Decision triggers that keep programs out of the ditch
Deals are too varied for universal rules. But a few triggers are reliable because they reflect capacity and dependency logic.
- If TSA is <9 months and shared identity is in scope, treat identity as the first critical path. Without it, you can’t test, you can’t cut over cleanly, and you can’t control access.
- If the carve touches more than one ERP instance (or more than one chart of accounts), do not make ERP replacement a Day-1 dependency. Use a bridged close and stage the core change.
- If you have >25 critical interfaces to re-point, create an “integration factory” with a single owner.

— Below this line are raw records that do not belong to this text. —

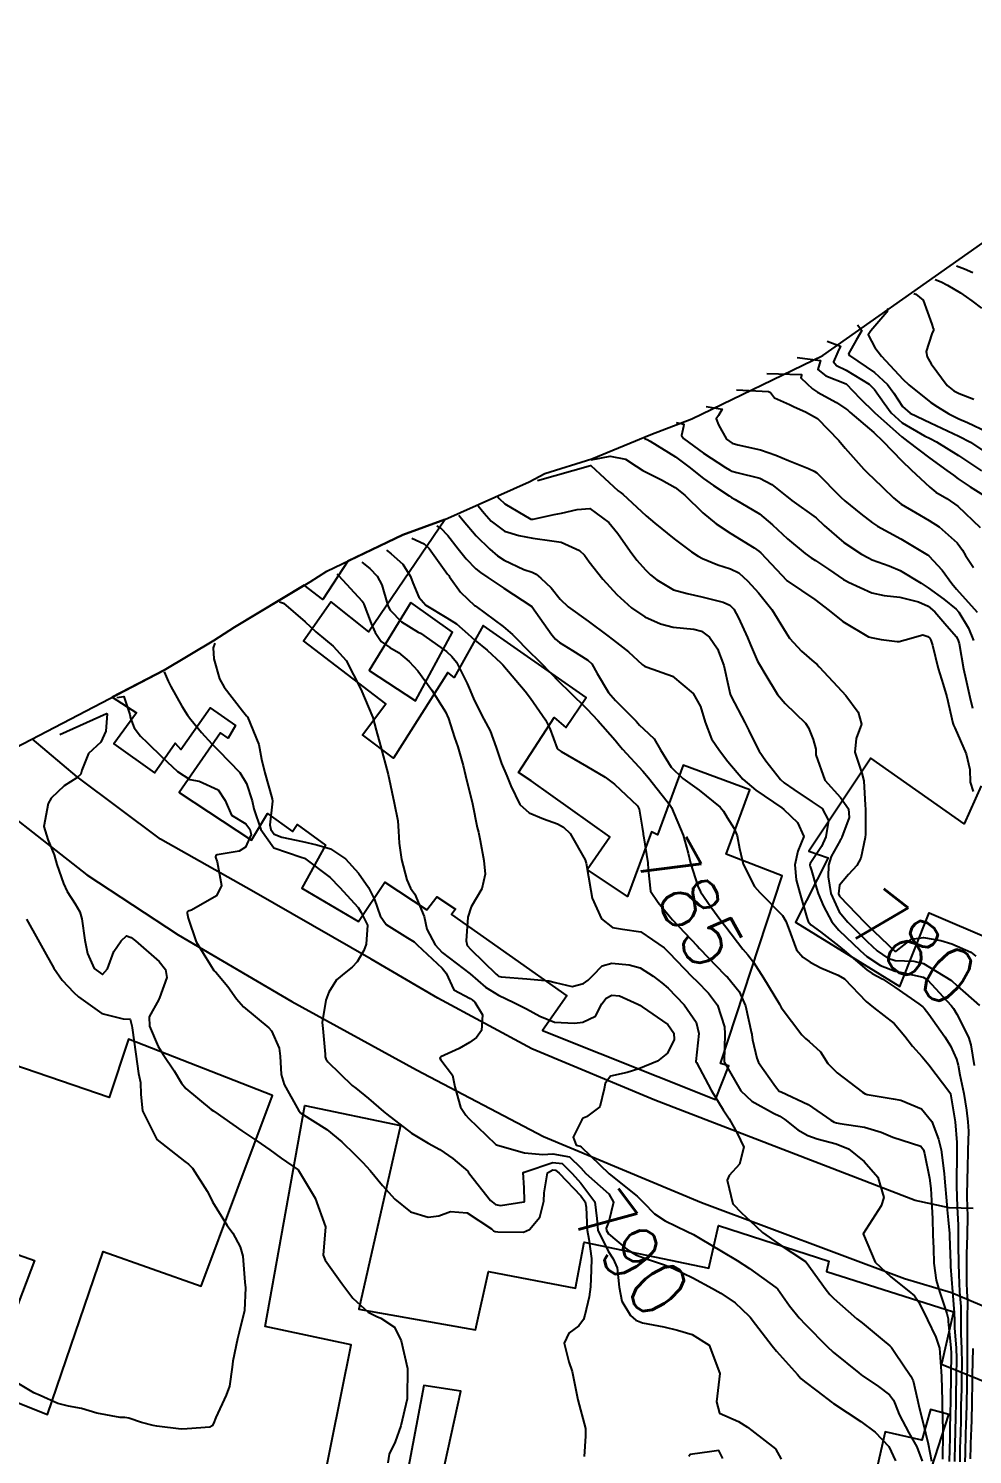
# Model space of a CAD drawing. Header units: metres. Extents: x 318500 to 325275, y 7408834 to 7428799.
# Drawn here: x 322642.5 to 322709.2, y 7418376.8 to 7418477.6 of the extents above; entities that cross this region are included whole.
import ezdxf
from ezdxf.enums import TextEntityAlignment as Align

# ---------------------------------------------------------------- set-up
doc = ezdxf.new("R2010")
doc.units = ezdxf.units.M
doc.header["$MEASUREMENT"] = 0
for name, color, linetype in [('Area', 45, 'Continuous'), ('Cotas', 45, 'Continuous'), ('Curvas de Nivel 1m', 11, 'Continuous'), ('Curvas de Nivel 5m', 15, 'Continuous'), ('Edificações', 30, 'Continuous'), ('Vias Primárias', 230, 'Continuous')]:
    doc.layers.add(name, color=color, linetype=linetype)
doc.styles.add('Style-STANDARD', font='STANDARD.shx')

msp = doc.modelspace()

# ---------------------------------------------------------------- linework, layer by layer
at = {"layer": 'Area'}
msp.add_lwpolyline([(322625.48, 7418418.41), (322652.03, 7418432.23), (322655.54, 7418434.34), (322657.02, 7418435.28), (322662.36, 7418438.48), (322663.54, 7418439.22), (322668.92, 7418441.79), (322671.88, 7418442.88), (322677.83, 7418445.54), (322678.94, 7418446.12), (322682.26, 7418447.17), (322686.43, 7418448.89), (322689.33, 7418449.99), (322698.6, 7418454.47), (322727.5, 7418474.8)], dxfattribs=at)
at = {"layer": 'Curvas de Nivel 1m', "flags": 128}
for points, elevation in [([(322708.05, 7418460.8), (322708.61, 7418460.59), (322709.2, 7418460.33)], 766), ([(322706.54, 7418459.83), (322706.96, 7418459.67), (322707.41, 7418459.43), (322708.33, 7418458.89), (322709.13, 7418458.33), (322709.8, 7418457.8)], 767), ([(322705.03, 7418458.85), (322705.16, 7418458.8), (322705.68, 7418458.38), (322706.3, 7418456.68), (322706.38, 7418456.44), (322706.41, 7418456.37), (322706.41, 7418456.26), (322706.29, 7418455.99), (322705.89, 7418454.75), (322705.98, 7418454.37), (322706.26, 7418453.88), (322707.39, 7418452.35), (322707.86, 7418451.97), (322708.23, 7418451.78), (322709.28, 7418451.37)], 768), ([(322703.19, 7418457.78), (322703.12, 7418457.52), (322701.98, 7418456.21), (322701.8, 7418455.93), (322702.28, 7418455.02), (322702.75, 7418454.41), (322704.25, 7418452.78), (322704.67, 7418452.39), (322706.23, 7418451.15), (322706.69, 7418450.83), (322707.5, 7418450.35), (322708.21, 7418449.99), (322708.83, 7418449.72), (322710.2, 7418449.07)], 769), ([(322698.91, 7418455.48), (322699.84, 7418455.13), (322699.66, 7418454.71), (322699.35, 7418454.01), (322699.56, 7418453.76), (322700.25, 7418453.42), (322701.86, 7418452.43), (322702.07, 7418452.26), (322702.24, 7418452.06), (322702.92, 7418451.1), (322703.43, 7418450.4), (322704.21, 7418449.71), (322705.79, 7418448.79), (322706.19, 7418448.59), (322706.62, 7418448.36), (322708.18, 7418447.39), (322709.81, 7418446.32)], 771), ([(322696.77, 7418454.33), (322698.44, 7418454.11), (322698.36, 7418453.87), (322698.24, 7418453.47), (322698.81, 7418453.02), (322700.24, 7418452.45), (322701.23, 7418451.43), (322702.22, 7418450.46), (322702.24, 7418450.44), (322702.26, 7418450.42), (322704.19, 7418448.72), (322704.6, 7418448.39), (322706.17, 7418447.22), (322707.35, 7418446.35), (322707.82, 7418446), (322708.15, 7418445.76), (322709.01, 7418445.19), (322710.14, 7418444.48)], 772), ([(322694.63, 7418453.18), (322697.09, 7418453.12), (322697.08, 7418453.04), (322697.04, 7418452.89), (322697.46, 7418452.48), (322697.87, 7418452.11), (322698.23, 7418451.88), (322699.56, 7418451.13), (322700.22, 7418450.7), (322700.36, 7418450.59), (322700.51, 7418450.45), (322702.2, 7418449.02), (322702.84, 7418448.41), (322704.17, 7418447.02), (322704.83, 7418446.38), (322706.15, 7418445.16), (322706.59, 7418444.8), (322707.36, 7418444.35), (322708.13, 7418443.82), (322709.71, 7418442.32)], 773), ([(322692.5, 7418452.03), (322694.75, 7418451.93), (322694.89, 7418451.85), (322695.17, 7418451.46), (322696.23, 7418451.01), (322696.57, 7418450.84), (322697.36, 7418450.48), (322698.21, 7418450), (322699.72, 7418448.45), (322700.18, 7418447.92), (322701.5, 7418446.43), (322701.83, 7418446.1), (322702.15, 7418445.79), (322702.85, 7418445.11), (322703.58, 7418444.4), (322704.13, 7418443.97), (322705.15, 7418443.36), (322706.12, 7418442.8), (322706.82, 7418442.36), (322708.09, 7418441.22), (322708.46, 7418440.71), (322708.69, 7418440.33), (322709.24, 7418439.48)], 774), ([(322688.22, 7418449.72), (322688.76, 7418449.62), (322688.75, 7418449.45), (322688.61, 7418448.8), (322688.75, 7418448.59), (322690.17, 7418447.57), (322691.71, 7418446.56), (322691.99, 7418446.39), (322692.16, 7418446.3), (322692.51, 7418446.19), (322694.15, 7418445.79), (322694.99, 7418445.36), (322696.04, 7418444.5), (322696.14, 7418444.42), (322696.4, 7418444.23), (322698.12, 7418443), (322698.7, 7418442.46), (322700.09, 7418441.25), (322701.33, 7418440.43), (322701.82, 7418440.16), (322702.08, 7418440.03), (322703.28, 7418439.61), (322704.07, 7418439.28), (322705.55, 7418438.38), (322706.05, 7418438.04), (322707.15, 7418437.25), (322708.03, 7418436.54), (322708.21, 7418436.34), (322708.88, 7418435.19), (322709.24, 7418434.32)], 776), ([(322686, 7418448.56), (322686.07, 7418448.57), (322686.12, 7418448.56), (322686.19, 7418448.52), (322686.4, 7418448.41), (322688.17, 7418447.31), (322689.13, 7418446.59), (322690.15, 7418445.78), (322690.87, 7418445.29), (322691.98, 7418444.55), (322692.14, 7418444.44), (322692.39, 7418444.29), (322694.12, 7418443.28), (322695.04, 7418442.51), (322696.1, 7418441.52), (322697.34, 7418440.48), (322697.78, 7418440.18), (322698.08, 7418439.99), (322698.99, 7418439.38), (322700.06, 7418438.65), (322700.19, 7418438.57), (322700.42, 7418438.44), (322702.05, 7418437.69), (322702.93, 7418437.52), (322704.04, 7418437.38), (322705.35, 7418437.07), (322706.04, 7418436.75), (322706.51, 7418436.36), (322707.21, 7418435.53), (322708.01, 7418434.62), (322708.12, 7418434.45), (322708.17, 7418434.34), (322708.23, 7418434.12), (322708.54, 7418432.33), (322708.7, 7418431.6), (322708.99, 7418430.32), (322709.18, 7418429.56)], 777), ([(322682.21, 7418447.1), (322683.57, 7418447.36), (322684.65, 7418447.13), (322685.39, 7418446.64), (322685.88, 7418446.35), (322686.16, 7418446.19), (322687.2, 7418445.67), (322688.15, 7418445.14), (322688.85, 7418444.59), (322690.12, 7418443.35), (322691.05, 7418442.57), (322692.1, 7418441.88), (322693.74, 7418440.87), (322694.08, 7418440.64), (322694.22, 7418440.52), (322696.06, 7418438.56), (322696.1, 7418438.54), (322696.15, 7418438.5), (322698.04, 7418437.23), (322699.04, 7418436.45), (322700.02, 7418435.67), (322701.83, 7418434.59), (322702, 7418434.54), (322702.72, 7418434.41), (322703.85, 7418434.25), (322704, 7418434.25), (322704.42, 7418434.38), (322705.66, 7418434.72), (322706.01, 7418434.62), (322706.15, 7418434.5), (322706.24, 7418434.36), (322706.35, 7418434.01), (322706.75, 7418432.35), (322707.1, 7418431.22), (322707.35, 7418430.35), (322707.79, 7418428.49), (322707.84, 7418428.34), (322707.93, 7418428.16), (322708.73, 7418426.33), (322708.99, 7418425.21), (322709.01, 7418424.32), (322709.22, 7418423.67)], 778), ([(322678.42, 7418445.64), (322682.17, 7418446.68), (322682.19, 7418446.68), (322684.14, 7418444.9), (322684.28, 7418444.8), (322684.45, 7418444.66), (322686.12, 7418443.14), (322686.72, 7418442.62), (322688.09, 7418441.51), (322689.32, 7418440.59), (322689.78, 7418440.29), (322690.08, 7418440.13), (322691.18, 7418439.67), (322692.07, 7418439.4), (322692.65, 7418439.12), (322693.29, 7418438.53), (322694.05, 7418437.69), (322694.98, 7418436.51), (322696.01, 7418434.86), (322696.24, 7418434.5), (322697.09, 7418433.58), (322697.98, 7418432.8), (322698.16, 7418432.65), (322698.34, 7418432.46), (322699.95, 7418430.74), (322700.21, 7418430.44), (322701.09, 7418429.27), (322701.32, 7418428.43), (322700.94, 7418427.4), (322700.85, 7418426.43), (322701.35, 7418424.95), (322701.49, 7418424.42), (322701.59, 7418422.69), (322701.61, 7418422.42), (322701.6, 7418420.64), (322701.58, 7418420.42), (322701.27, 7418418.96), (322700.99, 7418418.43), (322700.42, 7418417.8), (322699.78, 7418417.04), (322699.7, 7418416.44), (322699.77, 7418416.27), (322701.56, 7418414.42), (322701.74, 7418414.25), (322703.69, 7418412.39), (322703.79, 7418412.39), (322704.86, 7418413.24), (322705.72, 7418413.35), (322706.94, 7418413.13), (322707.72, 7418412.9), (322709.06, 7418412.32), (322709.41, 7418412.02)], 779), ([(322672.86, 7418443.18), (322673.17, 7418442.8), (322674.09, 7418441.73), (322675.05, 7418440.78), (322675.61, 7418440.3), (322676.07, 7418440.01), (322677.47, 7418439.34), (322678.06, 7418439.16), (322678.34, 7418439.01), (322678.67, 7418438.73), (322679.39, 7418438.06), (322680.04, 7418437.26), (322680.59, 7418436.7), (322682.02, 7418435.7), (322683.39, 7418434.67), (322684, 7418434.2), (322684.86, 7418433.52), (322685.83, 7418432.63), (322685.98, 7418432.52), (322686.17, 7418432.44), (322687.97, 7418431.8), (322689.42, 7418430.59), (322689.94, 7418429.66), (322690.27, 7418428.57), (322690.73, 7418427.39), (322691.29, 7418426.56), (322691.89, 7418425.78), (322692.93, 7418424.53), (322693.86, 7418423.76), (322695.7, 7418422.5), (322695.84, 7418422.39), (322696.81, 7418421.47), (322697.25, 7418420.48), (322696.83, 7418419.46), (322696.61, 7418418.49), (322696.72, 7418417.42), (322696.96, 7418416.48), (322697.46, 7418414.76), (322697.57, 7418414.47), (322697.74, 7418414.25), (322698.44, 7418413.75), (322699.71, 7418412.77), (322700.11, 7418412.44), (322701.7, 7418411.06), (322702.08, 7418410.8), (322702.84, 7418410.4), (322703.68, 7418409.85), (322705.37, 7418408.66), (322705.66, 7418408.46), (322705.76, 7418408.36), (322706.08, 7418407.93), (322707.22, 7418406.34), (322707.62, 7418405.7), (322708.04, 7418404.76), (322708.15, 7418404.33), (322708.29, 7418403.64), (322708.57, 7418402.33), (322708.74, 7418401.15), (322708.84, 7418400.32), (322708.88, 7418399.66), (322708.85, 7418398.32), (322708.81, 7418397.02), (322708.79, 7418396.32), (322708.77, 7418395.03), (322708.79, 7418394.32), (322708.81, 7418393.66), (322708.79, 7418392.32), (322708.76, 7418390.99), (322708.76, 7418390.32), (322708.75, 7418388.97), (322708.78, 7418388.32), (322708.81, 7418387.74), (322708.8, 7418386.32), (322708.79, 7418384.88), (322708.8, 7418384.32), (322708.79, 7418382.85), (322708.78, 7418382.32), (322708.77, 7418381.79), (322708.74, 7418380.32), (322708.7, 7418378.88), (322708.69, 7418378.32), (322708.65, 7418376.9), (322708.64, 7418376.32)], 782), ([(322674.23, 7418443.84), (322674.66, 7418443.32), (322675.15, 7418442.77), (322676.1, 7418442.06), (322677.1, 7418441.74), (322678.09, 7418441.55), (322679.43, 7418441.37), (322680.09, 7418441.28), (322681.39, 7418440.69), (322681.75, 7418440.36), (322682.07, 7418439.89), (322683.04, 7418438.67), (322684.04, 7418437.59), (322685.08, 7418436.64), (322686.02, 7418436), (322687.12, 7418435.5), (322688.01, 7418435.26), (322689.47, 7418435.12), (322690.01, 7418434.99), (322690.58, 7418434.57), (322691.15, 7418433.73), (322691.59, 7418432.56), (322691.96, 7418430.97), (322692.05, 7418430.55), (322692.12, 7418430.37), (322693.08, 7418428.53), (322693.36, 7418427.98), (322693.9, 7418426.87), (322694.09, 7418426.52), (322694.56, 7418425.84), (322695.6, 7418424.5), (322695.87, 7418424.27), (322696.55, 7418423.8), (322697.85, 7418422.94), (322698.54, 7418422.46), (322699, 7418421.62), (322698.8, 7418420.46), (322698.49, 7418419.78), (322697.79, 7418418.72), (322697.69, 7418418.57), (322697.67, 7418418.47), (322697.69, 7418418.37), (322697.79, 7418418.09), (322698.15, 7418416.84), (322698.27, 7418416.46), (322698.64, 7418415.57), (322699.22, 7418414.45), (322699.73, 7418413.86), (322701.23, 7418412.42), (322701.71, 7418412.01), (322702.66, 7418411.37), (322703.7, 7418410.97), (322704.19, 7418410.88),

Otherwise every workstream reinvents the same integration patterns and testing collapses late.
- If the business cannot name acceptance owners for finance, HR, and customer operations, stop planning and fix ownership. You can’t program-manage without sign-offs that matter.
These aren’t “best practices.” They’re how you align ambition with the time and talent you actually have.
What to do in the next two weeks
If you are signed (or close to signing), two weeks of focused program setup will prevent most blow-ups later.
- Write the one-page charter (program lead + deal lead). Include gates, non-negotiables, and what is out of scope in year one.
- Build the integrated critical path around the next gate (program lead + workstream leads). Limit it to dependencies that move the gate date; assign acceptance owners.
- Stand up the decision pipeline (program lead + exec sponsor). List the next 10 decisions, latest decision dates, and what starts the day after.
- Assign a TSA owner and start the exit scorecard (CIO/CTO + finance). Track consumption weekly and run a monthly exit readiness review service by service.
- Schedule one full operational rehearsal (ops lead + IT cutover lead). Pick a date now. If you can’t schedule rehearsal, you won’t be ready.
IT program management in deals is not about having more slides. It is about making the hard choices early, managing the dependency chain, and protecting gate dates like they are deal terms—because they are.